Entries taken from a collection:
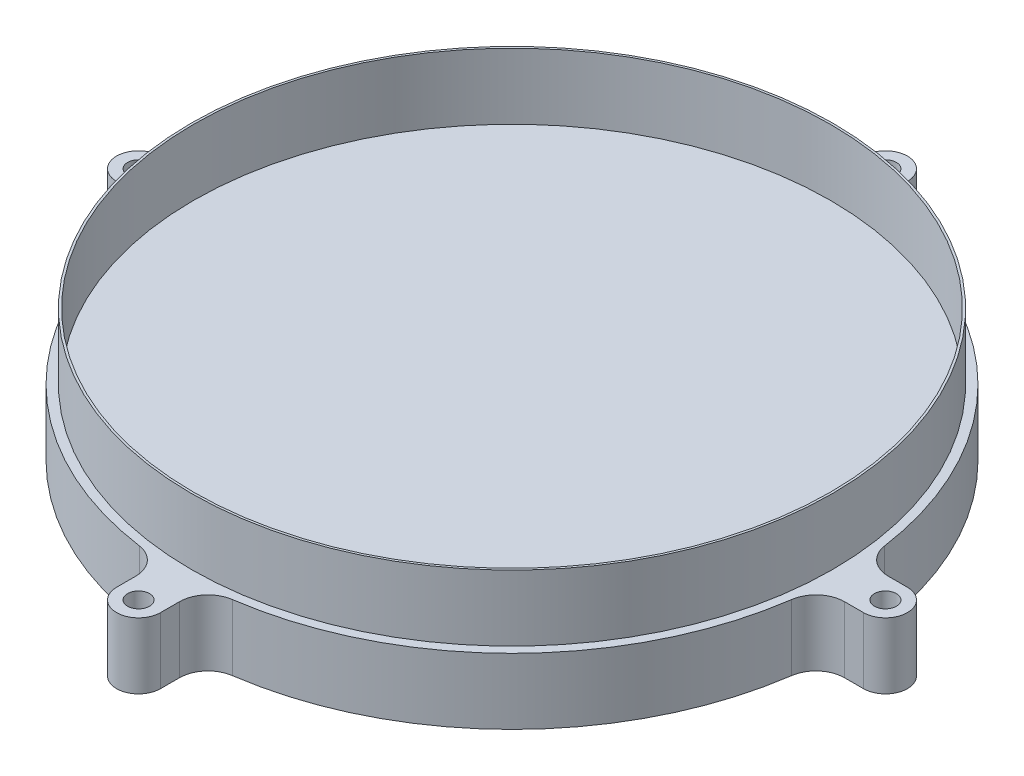
from build123d import *

# Parameters (mm, degrees)
SKETCH2_R           = 146
SKETCH2_R_2         = 145
BOSS_EXTRUDE2_DEPTH = 30
SKETCH3_R           = 5
BOSS_EXTRUDE4_DEPTH = 30


with BuildPart() as part:
    # Sketch2 → Boss-Extrude2 (new body)
    with BuildSketch(Plane(origin=(0, 0, 0), x_dir=(1, 0, 0), z_dir=(0, 1, 0))):
        Circle(SKETCH2_R)
        Circle(SKETCH2_R_2, mode=Mode.SUBTRACT)
    extrude(amount=BOSS_EXTRUDE2_DEPTH)

    # Sketch3 → Boss-Extrude4 (add)
    with BuildSketch(Plane(origin=(0, 0, 0), x_dir=(1, 0, 0), z_dir=(0, 1, 0))):
        with BuildLine():
            Line((161.369142032, 10), (170, 10))
            ThreePointArc((170, 10), (180, 0), (170, -10))
            Line((170, -10), (161.369142032, -10))
            ThreePointArc((161.369142032, -10), (152.849946816, -13.180462695), (148.499210458, -21.165644172))
            ThreePointArc((148.499210458, -21.165644172), (106.066017178, -106.066017178), (21.165644172, -148.499210458))
            ThreePointArc((21.165644172, -148.499210458), (13.180462695, -152.849946816), (10, -161.369142032))
            Line((10, -161.369142032), (10, -170))
            ThreePointArc((10, -170), (0, -180), (-10, -170))
            Line((-10, -170), (-10, -161.369142032))
            ThreePointArc((-10, -161.369142032), (-13.180462695, -152.849946816), (-21.165644172, -148.499210458))
            ThreePointArc((-21.165644172, -148.499210458), (-106.066017178, -106.066017178), (-148.499210458, -21.165644172))
            ThreePointArc((-148.499210458, -21.165644172), (-152.849946816, -13.180462695), (-161.369142032, -10))
            Line((-161.369142032, -10), (-170, -10))
            ThreePointArc((-170, -10), (-180, 0), (-170, 10))
            Line((-170, 10), (-161.369142032, 10))
            ThreePointArc((-161.369142032, 10), (-152.849946816, 13.180462695), (-148.499210458, 21.165644172))
            ThreePointArc((-148.499210458, 21.165644172), (-106.066017178, 106.066017178), (-21.165644172, 148.499210458))
            ThreePointArc((-21.165644172, 148.499210458), (-13.180462695, 152.849946816), (-10, 161.369142032))
            Line((-10, 161.369142032), (-10, 170))
            ThreePointArc((-10, 170), (0, 180), (10, 170))
            Line((10, 170), (10, 161.369142032))
            ThreePointArc((10, 161.369142032), (13.180462695, 152.849946816), (21.165644172, 148.499210458))
            ThreePointArc((21.165644172, 148.499210458), (106.066017178, 106.066017178), (148.499210458, 21.165644172))
            ThreePointArc((148.499210458, 21.165644172), (152.849946816, 13.180462695), (161.369142032, 10))
        make_face()
        with Locations((0, 170)):
            Circle(SKETCH3_R, mode=Mode.SUBTRACT)
        with Locations((170, 0)):
            Circle(SKETCH3_R, mode=Mode.SUBTRACT)
        with Locations((0, -170)):
            Circle(SKETCH3_R, mode=Mode.SUBTRACT)
        with Locations((-170, 0)):
            Circle(SKETCH3_R, mode=Mode.SUBTRACT)
    extrude(amount=-BOSS_EXTRUDE4_DEPTH)


solid = part.part

• [The problem] Copy exactly, please, the span of lines that begins at the line with "Line((-161.369142032, -10), (-170, -10))" and ends at the last line of the data, both included.

• [Answer to this task]
            Line((-161.369142032, -10), (-170, -10))
            ThreePointArc((-170, -10), (-180, 0), (-170, 10))
            Line((-170, 10), (-161.369142032, 10))
            ThreePointArc((-161.369142032, 10), (-152.849946816, 13.180462695), (-148.499210458, 21.165644172))
            ThreePointArc((-148.499210458, 21.165644172), (-106.066017178, 106.066017178), (-21.165644172, 148.499210458))
            ThreePointArc((-21.165644172, 148.499210458), (-13.180462695, 152.849946816), (-10, 161.369142032))
            Line((-10, 161.369142032), (-10, 170))
            ThreePointArc((-10, 170), (0, 180), (10, 170))
            Line((10, 170), (10, 161.369142032))
            ThreePointArc((10, 161.369142032), (13.180462695, 152.849946816), (21.165644172, 148.499210458))
            ThreePointArc((21.165644172, 148.499210458), (106.066017178, 106.066017178), (148.499210458, 21.165644172))
            ThreePointArc((148.499210458, 21.165644172), (152.849946816, 13.180462695), (161.369142032, 10))
        make_face()
        with Locations((0, 170)):
            Circle(SKETCH3_R, mode=Mode.SUBTRACT)
        with Locations((170, 0)):
            Circle(SKETCH3_R, mode=Mode.SUBTRACT)
        with Locations((0, -170)):
            Circle(SKETCH3_R, mode=Mode.SUBTRACT)
        with Locations((-170, 0)):
            Circle(SKETCH3_R, mode=Mode.SUBTRACT)
    extrude(amount=-BOSS_EXTRUDE4_DEPTH)


solid = part.part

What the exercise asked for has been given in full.